- Born: Fay Abrahams March 29, 1932 San Francisco, California, U.S.
- Died: May 19, 1980 (aged 48) British Hong Kong
- Education: B.A. in English literature; J.D. in law
- Alma mater: Reed College; University of California, Berkeley; University of Chicago
- Occupation: Lawyer
- Known for: Prisoner rights activism
- Spouse: Marvin Stender
- Children: Neal and Oriane Stender

= Fay Stender =

American lawyer and activist (1932–1980)

Fay Abrahams Stender (March 29, 1932 – May 19, 1980) was an American lawyer from the San Francisco Bay Area, and a prisoner rights activist. Some of her better-known clients included Black Panther leader Huey Newton, and the Soledad Brothers, including Black Guerrilla Family founder George Jackson.

==Soledad Brothers and George Jackson==
In 1970, after Stender edited and arranged for Jackson's prison letters to be published as Soledad Brother: The Prison Letters of George Jackson, Jackson became a celebrity. Stender persuaded French intellectual Jean Genet to write an introduction, propelling the book to a best seller. The substantial proceeds from the book went to a legal defense fund that she set up. Stender eventually had a falling out with Jackson over his repeated requests that she smuggle weapons and explosives into the prison. Jackson was killed in 1971 during an attempted escape from San Quentin prison.

==Death and legacy==
In 1979, Black Guerrilla Family member Edward Glenn Brooks, recently paroled, entered Stender's home in Berkeley, tied up her son, daughter, and her lover Joan Morris and shot Stender several times for what he said was Stender's betrayal of Jackson. Brooks forced Stender to state: "I, Fay Stender, admit I betrayed George Jackson and the prison movement when they needed me most" just before he shot her. Stender was left paralyzed below the waist; in constant pain from her injuries, she committed suicide in Hong Kong about a year later, after testifying against Brooks. Brooks was sentenced to 17 years' imprisonment for Stender's attempted murder in 1980.

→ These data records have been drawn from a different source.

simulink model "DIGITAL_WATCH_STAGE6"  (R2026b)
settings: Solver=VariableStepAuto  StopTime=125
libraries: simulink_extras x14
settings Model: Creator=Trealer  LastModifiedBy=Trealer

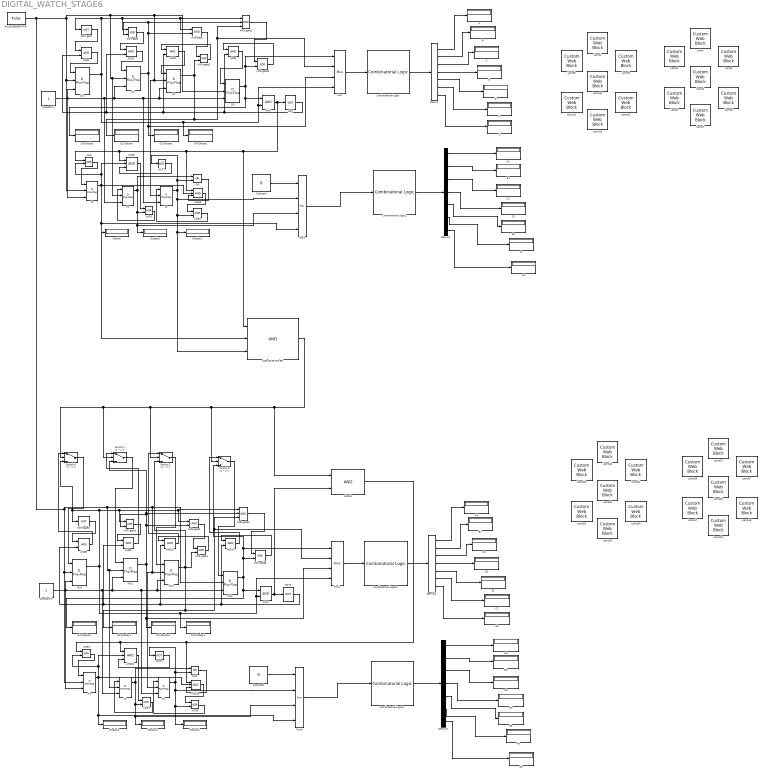
== system DIGITAL_WATCH_STAGE6 ==
  A{,1..3} (4 alike) : Display
  AND{,1..4,8..11,14} (10 alike) : Logic  IconShape=distinctive  AllPortsSameDT=off  OutDataTypeStr=boolean
  "AND-GATE MIN-EN " : Logic  Inputs=3  IconShape=distinctive  AllPortsSameDT=off  OutDataTypeStr=boolean
  AND-gate : Logic  IconShape=distinctive  AllPortsSameDT=off  OutDataTypeStr=boolean
  AND-gate1 : Logic  IconShape=distinctive  AllPortsSameDT=off  OutDataTypeStr=boolean
  AND-gate2 : Logic  Inputs=3  IconShape=distinctive  AllPortsSameDT=off  OutDataTypeStr=boolean
  AND-gate3 : Logic  Inputs=3  IconShape=distinctive  AllPortsSameDT=off  OutDataTypeStr=boolean
  AND{5..6,12..13} (4 alike) : Logic  Inputs=3  IconShape=distinctive  AllPortsSameDT=off  OutDataTypeStr=boolean
  B{,1..3} (4 alike) : Display
  C{,1..3} (4 alike) : Display
  CMU : Logic  IconShape=distinctive  AllPortsSameDT=off  OutDataTypeStr=boolean
  Combinatorial Logic : CombinatorialLogic  TruthTable=|
      | [
      | 1 1 1 1 1 1 0;
      | 0 1 1 0 0 0 0;
      | 1 1 0 1 1 0 1;
      | 1 1 1 1 0 0 1;
      | 0 1 1 0 0 1 1;
      | 1 0 1 1 0 1 1;
      | 1 0 1 1 1 1 1;
      | 1 1 1 0 0 0 0;
      | 1 1 1 1 1 1 1;
      | 1 1 1 1 0 1 1;
      | 0 0 0 0 0 0 0;
      | 0 0 0 0 0 0 0;
      | 0 0 0 0 0 0 0;
      | 0 0 0 0 0 0 0;
      | 0 0 0 0 0 0 0;
      | 0 0 0 0 0 0 0
      | ]
  Combinatorial Logic1 : CombinatorialLogic  TruthTable=|
      | [
      | 1 1 1 1 1 1 0;
      | 0 1 1 0 0 0 0;
      | 1 1 0 1 1 0 1;
      | 1 1 1 1 0 0 1;
      | 0 1 1 0 0 1 1;
      | 1 0 1 1 0 1 1;
      | 1 0 1 1 1 1 1;
      | 1 1 1 0 0 0 0;
      | 1 1 1 1 1 1 1;
      | 1 1 1 1 0 1 1;
      | 0 0 0 0 0 0 0;
      | 0 0 0 0 0 0 0;
      | 0 0 0 0 0 0 0;
      | 0 0 0 0 0 0 0;
      | 0 0 0 0 0 0 0;
      | 0 0 0 0 0 0 0
      | ]
  Combinatorial Logic2 : CombinatorialLogic  TruthTable=|
      | [
      | 1 1 1 1 1 1 0;
      | 0 1 1 0 0 0 0;
      | 1 1 0 1 1 0 1;
      | 1 1 1 1 0 0 1;
      | 0 1 1 0 0 1 1;
      | 1 0 1 1 0 1 1;
      | 1 0 1 1 1 1 1;
      | 1 1 1 0 0 0 0;
      | 1 1 1 1 1 1 1;
      | 1 1 1 1 0 1 1;
      | 0 0 0 0 0 0 0;
      | 0 0 0 0 0 0 0;
      | 0 0 0 0 0 0 0;
      | 0 0 0 0 0 0 0;
      | 0 0 0 0 0 0 0;
      | 0 0 0 0 0 0 0
      | ]
  Combinatorial Logic3 : CombinatorialLogic  TruthTable=|
      | [
      | 1 1 1 1 1 1 0;
      | 0 1 1 0 0 0 0;
      | 1 1 0 1 1 0 1;
      | 1 1 1 1 0 0 1;
      | 0 1 1 0 0 1 1;
      | 1 0 1 1 0 1 1;
      | 1 0 1 1 1 1 1;
      | 1 1 1 0 0 0 0;
      | 1 1 1 1 1 1 1;
      | 1 1 1 1 0 1 1;
      | 0 0 0 0 0 0 0;
      | 0 0 0 0 0 0 0;
      | 0 0 0 0 0 0 0;
      | 0 0 0 0 0 0 0;
      | 0 0 0 0 0 0 0;
      | 0 0 0 0 0 0 0
      | ]
  Constant : Constant  Value=0  OutDataTypeStr=boolean
  Constant 1 : Constant  OutDataTypeStr=boolean
  Constant 2 : Constant  OutDataTypeStr=boolean
  Constant1 : Constant  Value=0  OutDataTypeStr=boolean
  D{,1..3} (4 alike) : Display
  Demux{,1..3} (4 alike) : Demux  Outputs=7
  Display{,1..5} (6 alike) : Display
  E{,1..3} (4 alike) : Display
  F{,1..3} (4 alike) : Display
  G{,1..3} (4 alike) : Display
  Lamp{,1..27} (28 alike) : CustomWebBlock  LabelPosition=Hide  ShowInitialText=on  Configuration="{\"components\":[{\"name\":\"BackgroundImageComponent\",\"settings\":{\"image\":{\"size\":[150,150],\"src\":\"data:image\\/svg+xml;base64,PHN2ZyB4bWxucz0iaHR0cDovL3d3dy53My5vcmcvMjAwMC9zdmciIHhtbG5zOnhsaW5rPSJodHRwOi8vd3d3LnczLm9yZy8xOTk5L3hsaW5rIiB2aWV3Qm94PSIwIDAgNTAwIDUwMCI+PGRlZnM+PHN0eWxlPi5he2ZpbGw6dXJsKCNhKTt9LmJ7ZmlsbDp1cmwoI2IpO30uY3tmaWxsOnVybCgjYyk7fTwvc3R5bGU+PHJhZGlhbEdyYWRpZW50IGlkPSJhIiBjeD0iMjgzLjg0IiBjeT0iLTQ2Ni4zNyIgcj0iMzc1Ljc1IiBncmFkaWVudFRyYW5zZm9ybT0ibWF0cml4KDEuMzksIDAsIDAsIC0xLjM5LCAtMTUzLjU2LCAtNjQ0LjA4KSIg ...(+2088 chars)\",\"srcOrientation\":\"Right\"},\"position\":[0,0,1,1],\"scaleMode\":\"0\"}},{\"name\":\"LampStateComponent\",\"settings\":{\"position\":[0,0,1,1],\"states\":[{\"icon\":{\"customSrc\":\"data:image\\/svg+xml;base64,PHN2ZyBpZD0iTGF5ZXJfMSIgZGF0YS1uYW1lPSJMYXllciAxIiB4bWxucz0iaHR0cDovL3d3dy53My5vcmcvMjAwMC9zdmciIHZpZXdCb3g9IjAgMCA0MTEgNDU4Ij48ZGVmcz48c3R5bGU+LmNscy0xe2ZpbGw6I2ZkZjhjMTt9LmNscy0ye2ZpbGw6I2ZlZTEwMDt9LmNscy0ze2ZpbGw6IzIzMWYyMDt9LmNscy00e2ZpbGw6I2EwOWY5Zjt9LmNscy00LC5jbHMtNSwuY2xzLTZ7c3Ryb2tlOiMyMzFmMjA7c3Ryb2tlLW1pdGVybGltaXQ6MTA7fS5jbHMtNXtmaWxsOiNmZmY7fS5jbHMtNntmaWxsOm5vbmU7fTwvc3R5bGU+PC9kZWZz ...(+5168 chars)\",\"id\":-1,\"srcOrientation\":\"Right\",\"type\":\"custom\"},\"iconScale\":0.8,\"metadata\":{},\"overlayType\":\"intersect\",\"shape\":{\"color\":[0.725,0,0],\"opacity\":1,\"position\":[0.1,0.1,0.8,0.8],\"type\":\"ellipse\"},\"value\":[]},{\"icon\":{\"customSrc\":\"data:image\\/svg+xml;base64,PHN2ZyBpZD0iTGF5ZXJfMSIgZGF0YS1uYW1lPSJMYXllciAxIiB4bWxucz0iaHR0cDovL3d3dy53My5vcmcvMjAwMC9zdmciIHZpZXdCb3g9IjAgMCA0MTEgNDU4Ij48ZGVmcz48c3R5bGU+LmNscy0xe2ZpbGw6I2ZkZjhjMTt9LmNscy0ye2ZpbGw6I2ZlZTEwMDt9LmNscy0ze2ZpbGw6IzIzMWYyMDt9LmNscy00e2ZpbGw6I2EwOWY5Zjt9LmNscy00LC5jbHMtNSwuY2xzLTZ7c3Ryb2tlOiMyMzFmMjA7c3Ryb2tlLW1pdGVybGltaXQ6MTA7fS5jbHMtNXtmaWxsOiNmZmY7fS5jbHMtNntmaWxsOm5vbmU7fTwvc3R5bGU+PC9kZWZz ...(+5168 chars)\",\"id\":-1,\"srcOrientation\":\"Right\",\"type\":\"custom\"},\"iconScale\":0.8,\"metadata\":{\"useDefaults\":{\"customIcon\":true,\"icon\":true,\"overlayType\":true,\"shape\":true,\"sizeAndPosition\":true}},\"overlayType\":\"intersect\",\"shape\":{\"color\":[0,0,0],\"opacity\":1,\"position\":[0.1,0.1,0.8,0.8],\"type\":\"ellipse\"},\"value\":\"0\"},{\"icon\":{\"customSrc\":\"data:image\\/svg+xml;base64,PHN2ZyBpZD0iTGF5ZXJfMSIgZGF0YS1uYW1lPSJMYXllciAxIiB4bWxucz0iaHR0cDovL3d3dy53My5vcmcvMjAwMC9zdmciIHZpZXdCb3g9IjAgMCA0MTEgNDU4Ij48ZGVmcz48c3R5bGU+LmNscy0xe2ZpbGw6I2ZkZjhjMTt9LmNscy0ye2ZpbGw6I2ZlZTEwMDt9LmNscy0ze2ZpbGw6IzIzMWYyMDt9LmNscy00e2ZpbGw6I2EwOWY5Zjt9LmNscy00LC5jbHMtNSwuY2xzLTZ7c3Ryb2tlOiMyMzFmMjA7c3Ryb2tlLW1pdGVybGltaXQ6MTA7fS5jbHMtNXtmaWxsOiNmZmY7fS5jbHMtNntmaWxsOm5vbmU7fTwvc3R5bGU+PC9kZWZz ...(+5168 chars)\",\"id\":-1,\"srcOrientation\":\"Right\",\"type\":\"custom\"},\"iconScale\":0.8,\"metadata\":{\"useDefaults\":{\"customIcon\":true,\"icon\":true,\"overlayType\":true,\"shape\":true,\"sizeAndPosition\":true}},\"overlayType\":\"intersect\",\"shape\":{\"color\":[0,1,0],\"opacity\":1,\"position\":[0.1,0.1,0.8,0.8],\"type\":\"ellipse\"},\"value\":\"1\"}],\"valueType\":\"discrete\"}},{\"name\":\"ForegroundImageComponent\",\"settings\":{\"image\":{\"size\":[150,150],\"src\":\"data:image\\/svg+xml;base64,PHN2ZyB4bWxucz0iaHR0cDovL3d3dy53My5vcmcvMjAwMC9zdmciIHhtbG5zOnhsaW5rPSJodHRwOi8vd3d3LnczLm9yZy8xOTk5L3hsaW5rIiB2aWV3Qm94PSIwIDAgNTAwIDUwMCI+PGRlZnM+PHN0eWxlPi5he2ZpbGw6dXJsKCNhKTt9PC9zdHlsZT48bGluZWFyR3JhZGllbnQgaWQ9ImEiIHgxPSIxNzMuMDUiIHkxPSItNjI3Ljc4IiB4Mj0iMTczLjA1IiB5Mj0iLTUyMi40MyIgZ3JhZGllbnRUcmFuc2Zvcm09Im1hdHJpeCgxLjI5LCAwLCAwLCAtMS4zMywgMjcuMTMsIC02MjguMzEpIiBncmFkaWVudFVuaXRzPSJ1c2VyU3BhY2VPblVzZSI+PHN0b3Agb2Zmc2V0PSIwIiBzdG9wLWNvbG9yPSIjZmZmIiBzdG9wLW9wYWNpdHk9IjAuMjUiLz48c3RvcCBvZmZzZXQ9IjEiIHN0b3AtY29sb3I9IiNmZmYiIHN0b3Atb3BhY2l0eT0iMCIvPjwvbGluZWFyR3JhZGllbnQ+PC9kZWZzPjxwYXRoIGNsYXNzPSJhIiBkPSJNNDI5LjMsMTkwLjY2QzQwMi40NSwxMTQuNTEsMzMyLjY3LDYwLjE3LDI1MC44NSw2MC4xN2MtODMuNDMsMC0xNTQuMjgsNTYuNDItMTc5Ljk1LDEzNSwxNS4zNCwzOSw4OC4xMSw3LDE3Ny4wNyw3QzM0MCwyMDIuMDgsNDE3LjI2LDIzNi40Niw0MjkuMywxOTAuNjZaIi8+PC9zdmc+\",\"srcOrientation\":\"Right\"},\"isForeground\":1,\"position\":[0,0,1,1],\"scaleMode\":\"0\"}}],\"derived\":{\"blockParameters\":{\"CustomIcon\":\"data:image\\/svg+xml;base64,PHN2ZyBpZD0iTGF5ZXJfMSIgZGF0YS1uYW1lPSJMYXllciAxIiB4bWxucz0iaHR0cDovL3d3dy53My5vcmcvMjAwMC9zdmciIHZpZXdCb3g9IjAgMCA0MTEgNDU4Ij48ZGVmcz48c3R5bGU+LmNscy0xe2ZpbGw6I2ZkZjhjMTt9LmNscy0ye2ZpbGw6I2ZlZTEwMDt9LmNscy0ze2ZpbGw6IzIzMWYyMDt9LmNscy00e2ZpbGw6I2EwOWY5Zjt9LmNscy00LC5jbHMtNSwuY2xzLTZ7c3Ryb2tlOiMyMzFmMjA7c3Ryb2tlLW1pdGVybGltaXQ6MTA7fS5jbHMtNXtmaWxsOiNmZmY7fS5jbHMtNntmaWxsOm5vbmU7fTwvc3R5bGU+PC9kZWZz ...(+5168 chars)\",\"DefaultColor\":[0.725,0,0],\"Icon\":\"Custom\",\"StateColors\":[{\"color\":[0,0,0],\"value\":\"0\"},{\"color\":[0,1,0],\"value\":\"1\"}],\"StateValueType\":\"discrete\",\"fixedAspectRatio\":\"on\"}},\"settings\":{\"BindingType\":\"signal\",\"aspectRatio\":1.032258064516129,\"backgroundColor\":[0,0,0],\"backgroundOffset\":0.14,\"backgroundOpacity\":1,\"blockOrientation\":\"Right\",\"fixedAspectRatio\":\"on\",\"showBackgroundColor\":false,\"value\":0,\"version\":\"R2023a\"},\"type\":\"Lamp\"}"
  MU{0..3} (4 alike) : simulink_extras/Flip Flops/D Flip-Flop
  Mux{,1..3} (4 alike) : Mux
  NOT{,1..3} (4 alike) : Logic  Operator=NOT  IconShape=distinctive  AllPortsSameDT=off  OutDataTypeStr=boolean
  NOT-gate : Logic  Operator=NOT  IconShape=distinctive  AllPortsSameDT=off  OutDataTypeStr=boolean
  NOT-gate1 : Logic  Operator=NOT  IconShape=distinctive  AllPortsSameDT=off  OutDataTypeStr=boolean
  OR : Logic  Operator=OR  IconShape=distinctive  AllPortsSameDT=off  OutDataTypeStr=boolean
  OR1 : Logic  Operator=OR  IconShape=distinctive  AllPortsSameDT=off  OutDataTypeStr=boolean
  PULSE GENERATOR : DiscretePulseGenerator  PulseType=Time based  Period=1  PulseWidth=50
  Q{0..3} (4 alike) : simulink_extras/Flip Flops/D Flip-Flop
  Q0-Display : Display
  Q0-Display1 : Display
  Q1-Display : Display
  Q1-Display1 : Display
  Q2-Display : Display
  Q2-Display1 : Display
  Q3-Display : Display
  Q3-Display1 : Display
  Switch-{0..3} (4 alike) : Switch  Criteria=u2 ~= 0  SaturateOnIntegerOverflow=off  InputSameDT=off
  T{0..5} (6 alike) : simulink_extras/Flip Flops/D Flip-Flop
  XOR{,1..5} (6 alike) : Logic  Operator=XOR  IconShape=distinctive  AllPortsSameDT=off  OutDataTypeStr=boolean
  XOR-gate{,1..5} (6 alike) : Logic  Operator=XOR  IconShape=distinctive  AllPortsSameDT=off  OutDataTypeStr=boolean
  wires:
  Constant 1/1 -> T1/3, T2/3, Q3/3, Q2/3, Q1/3, Q0/3, T0/3
  Q0/1 -> Mux/4, AND/2, Q0-Display/1, AND-gate/1, AND-gate2/1, XOR-gate/1, NOT-gate/1
  Q1/1 -> Mux/3, Q1-Display/1, AND-gate2/2, XOR-gate/2, AND-gate/2
  AND-gate/1 -> XOR-gate2/1
  Q2/1 -> Mux/2, AND-gate2/3, Q2-Display/1, XOR-gate2/2
  AND-gate2/1 -> XOR-gate3/1
  Q3/1 -> XOR-gate3/2, Mux/1, Q3-Display/1, AND/1
  AND/1 -> "AND-GATE MIN-EN "/1, AND6/1, AND5/1, XOR/1, NOT/1
  NOT-gate/1 -> AND1/1
  XOR-gate/1 -> AND2/1
  XOR-gate2/1 -> AND3/1
  XOR-gate3/1 -> AND4/1
  AND1/1 -> Q0/1
  AND2/1 -> Q1/1
  AND3/1 -> Q2/1
  AND4/1 -> Q3/1
  NOT/1 -> AND4/2, AND3/2, AND1/2, AND2/2
  T0/1 -> Display/1, Mux1/4, "AND-GATE MIN-EN "/2, AND6/2, AND5/2, XOR/2
  XOR/1 -> T0/1
  T2/1 -> "AND-GATE MIN-EN "/3, Display2/1, XOR2/2, Mux1/2, OR/2, NOT1/1
  NOT1/1 -> AND5/3
  AND5/1 -> XOR1/1
  T1/1 -> Mux1/3, Display1/1, XOR1/2, OR/1
  OR/1 -> AND6/3
  AND6/1 -> XOR2/1
  XOR1/1 -> T1/1
  XOR2/1 -> T2/1
  Mux/1 -> Combinatorial Logic/1
  Combinatorial Logic/1 -> Demux/1
  Demux/1 -> A/1
  Demux/2 -> B/1
  Demux/3 -> C/1
  Demux/4 -> D/1
  Demux/5 -> E/1
  Demux/6 -> F/1
  Demux/7 -> G/1
  Combinatorial Logic1/1 -> Demux1/1
  Constant/1 -> Mux1/1
  Mux1/1 -> Combinatorial Logic1/1
  Demux1/2 -> B1/1
  Demux1/6 -> F1/1
  Demux1/1 -> A1/1
  Demux1/7 -> G1/1
  Demux1/4 -> D1/1
  Demux1/3 -> C1/1
  Demux1/5 -> E1/1
  Demux3/2 -> B3/1
  Demux3/4 -> D3/1
  Demux3/3 -> C3/1
  Demux3/7 -> G3/1
  Constant1/1 -> Mux3/1
  Demux3/5 -> E3/1
  Demux3/1 -> A3/1
  Combinatorial Logic3/1 -> Demux3/1
  PULSE GENERATOR/1 -> MU3/2, T5/2, MU2/2, MU1/2, T4/2, MU0/2, T3/2, Q3/2, T2/2, Q2/2, Q1/2, T1/2, Q0/2, T0/2
  MU3/1 -> Switch-3/3, Mux2/1, XOR-gate5/2, Q3-Display1/1, CMU/1
  XOR-gate1/1 -> AND9/1
  NOT-gate1/1 -> AND8/1
  Demux2/3 -> C2/1
  XOR-gate4/1 -> AND10/1
  CMU/1 -> AND14/2, NOT2/1
  NOT3/1 -> AND12/3
  XOR5/1 -> T5/1
  XOR3/1 -> T3/1
  MU2/1 -> XOR-gate4/2, Mux2/2, AND-gate3/3, Q2-Display1/1, Switch-2/3
  AND-gate1/1 -> XOR-gate4/1
  XOR-gate5/1 -> AND11/1
  Demux2/2 -> B2/1
  Demux2/1 -> A2/1
  Combinatorial Logic2/1 -> Demux2/1
  Demux2/7 -> G2/1
  OR1/1 -> AND13/3
  MU0/1 -> AND-gate1/1, AND-gate3/1, XOR-gate1/1, Switch-0/3, NOT-gate1/1, Mux2/4, CMU/2, Q0-Display1/1
  NOT2/1 -> AND11/2, AND10/2, AND8/2, AND9/2
  Constant 2/1 -> T4/3, T5/3, MU3/3, MU2/3, MU1/3, MU0/3, T3/3
  Demux2/4 -> D2/1
  MU1/1 -> Switch-1/3, AND-gate3/2, XOR-gate1/2, AND-gate1/2, Mux2/3, Q1-Display1/1
  Demux2/5 -> E2/1
  Mux3/1 -> Combinatorial Logic3/1
  Demux2/6 -> F2/1
  AND13/1 -> XOR5/1
  T3/1 -> Display3/1, Mux3/4, AND12/2, XOR3/2, AND13/2
  AND-gate3/1 -> XOR-gate5/1
  AND12/1 -> XOR4/1
  XOR4/1 -> T4/1
  Mux2/1 -> Combinatorial Logic2/1
  T5/1 -> Display5/1, XOR5/2, Mux3/2, OR1/2, NOT3/1
  Demux3/6 -> F3/1
  T4/1 -> Mux3/3, Display4/1, XOR4/2, OR1/1
  "AND-GATE MIN-EN "/1 -> AND14/1, Switch-3/2, Switch-2/2, Switch-1/2, Switch-0/2
  AND8/1 -> Switch-0/1
  Switch-0/1 -> MU0/1
  AND9/1 -> Switch-1/1
  Switch-1/1 -> MU1/1
  AND10/1 -> Switch-2/1
  Switch-2/1 -> MU2/1
  AND11/1 -> Switch-3/1
  Switch-3/1 -> MU3/1
  AND14/1 -> AND13/1, AND12/1, XOR3/1

The California Women Lawyers Association has an award dedicated to her memory. Established in 1982, the annual award is given to "a feminist attorney who, like Fay Stender, is committed to the representation of women, disadvantaged groups and unpopular causes, and whose courage, zest for life and demonstrated ability to effect change as a single individual make her a role model for women attorneys."